Return all of the following entries as written, but without the images.

_RECORDS TO PROCESS:_
# # # #
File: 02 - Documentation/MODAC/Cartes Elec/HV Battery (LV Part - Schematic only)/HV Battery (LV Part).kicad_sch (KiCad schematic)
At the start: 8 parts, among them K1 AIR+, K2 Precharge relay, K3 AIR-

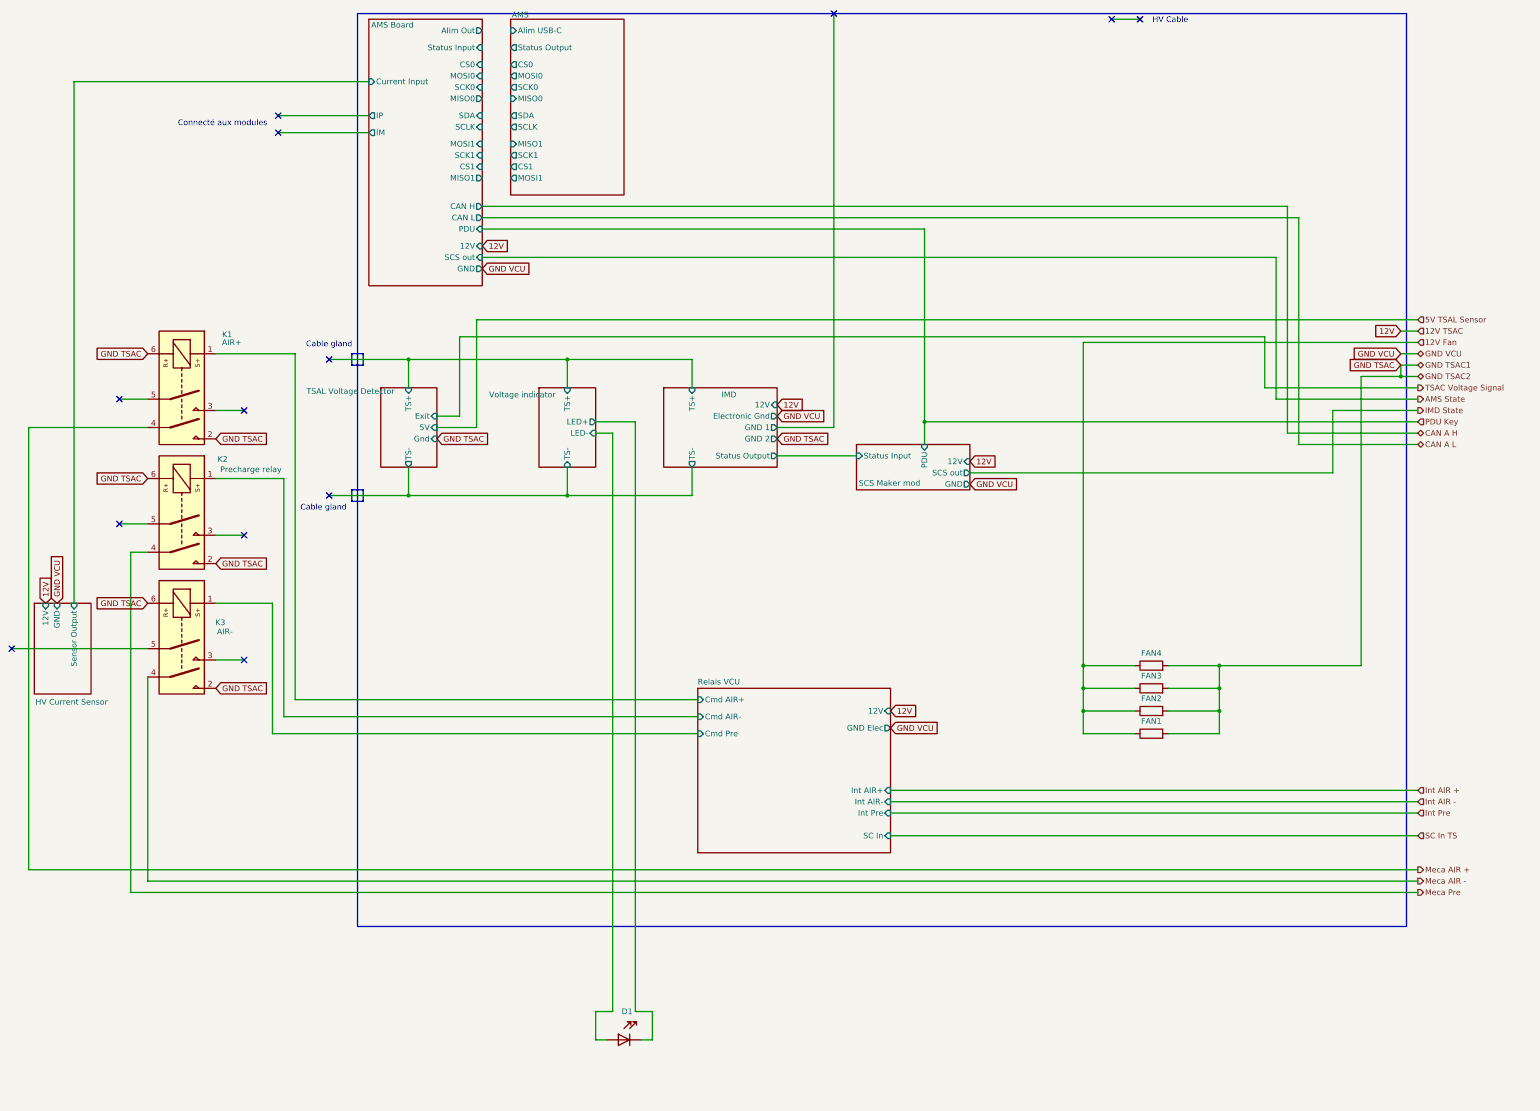
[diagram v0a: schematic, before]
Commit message: Fin TSAC + Correction schema LV batterie
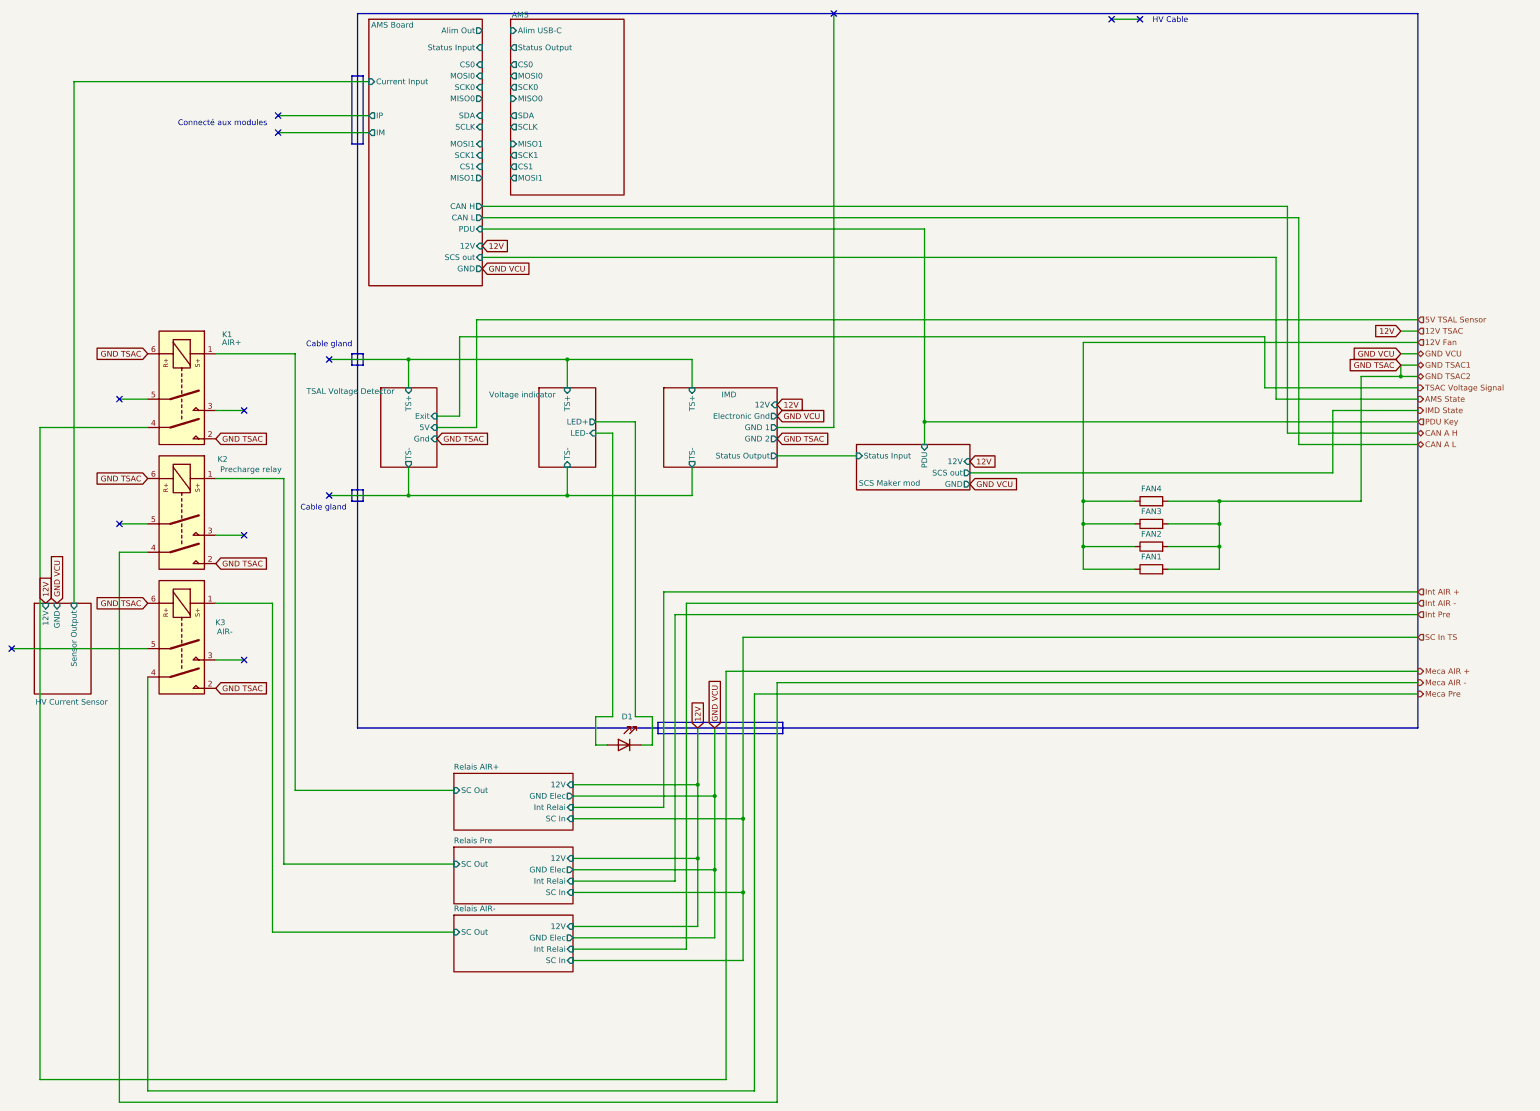
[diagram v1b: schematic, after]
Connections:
- net Meca AIR -: now also K2.4; no longer K3.4
- net Meca Pre: now also K3.4; no longer K2.4
- net Relais VCU/Cmd AIR+ renamed Relais AIR+/SC Out
- net Relais VCU/Cmd AIR- renamed Relais Pre/SC Out
- net Relais VCU/Cmd Pre renamed Relais AIR-/SC Out
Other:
- removed sheet Relais VCU
- added sheet Relais AIR+ (Relais VCU.kicad_sch)
- added sheet Relais AIR- (Relais VCU.kicad_sch)
- added sheet Relais Pre (Relais VCU.kicad_sch)
- moved on the sheet: D1, FAN1, FAN2, FAN3, FAN4
# # # #
_REPLY:_
File: 02 - Documentation/MODAC/Cartes Elec/HV Battery (LV Part - Schematic only)/HV Battery (LV Part).kicad_sch (KiCad schematic)
At the start: 8 parts, among them K1 AIR+, K2 Precharge relay, K3 AIR-

[diagram v0a: schematic, before]
Commit message: Fin TSAC + Correction schema LV batterie
[diagram v1b: schematic, after]
Connections:
- net Meca AIR -: now also K2.4; no longer K3.4
- net Meca Pre: now also K3.4; no longer K2.4
- net Relais VCU/Cmd AIR+ renamed Relais AIR+/SC Out
- net Relais VCU/Cmd AIR- renamed Relais Pre/SC Out
- net Relais VCU/Cmd Pre renamed Relais AIR-/SC Out
Other:
- removed sheet Relais VCU
- added sheet Relais AIR+ (Relais VCU.kicad_sch)
- added sheet Relais AIR- (Relais VCU.kicad_sch)
- added sheet Relais Pre (Relais VCU.kicad_sch)
- moved on the sheet: D1, FAN1, FAN2, FAN3, FAN4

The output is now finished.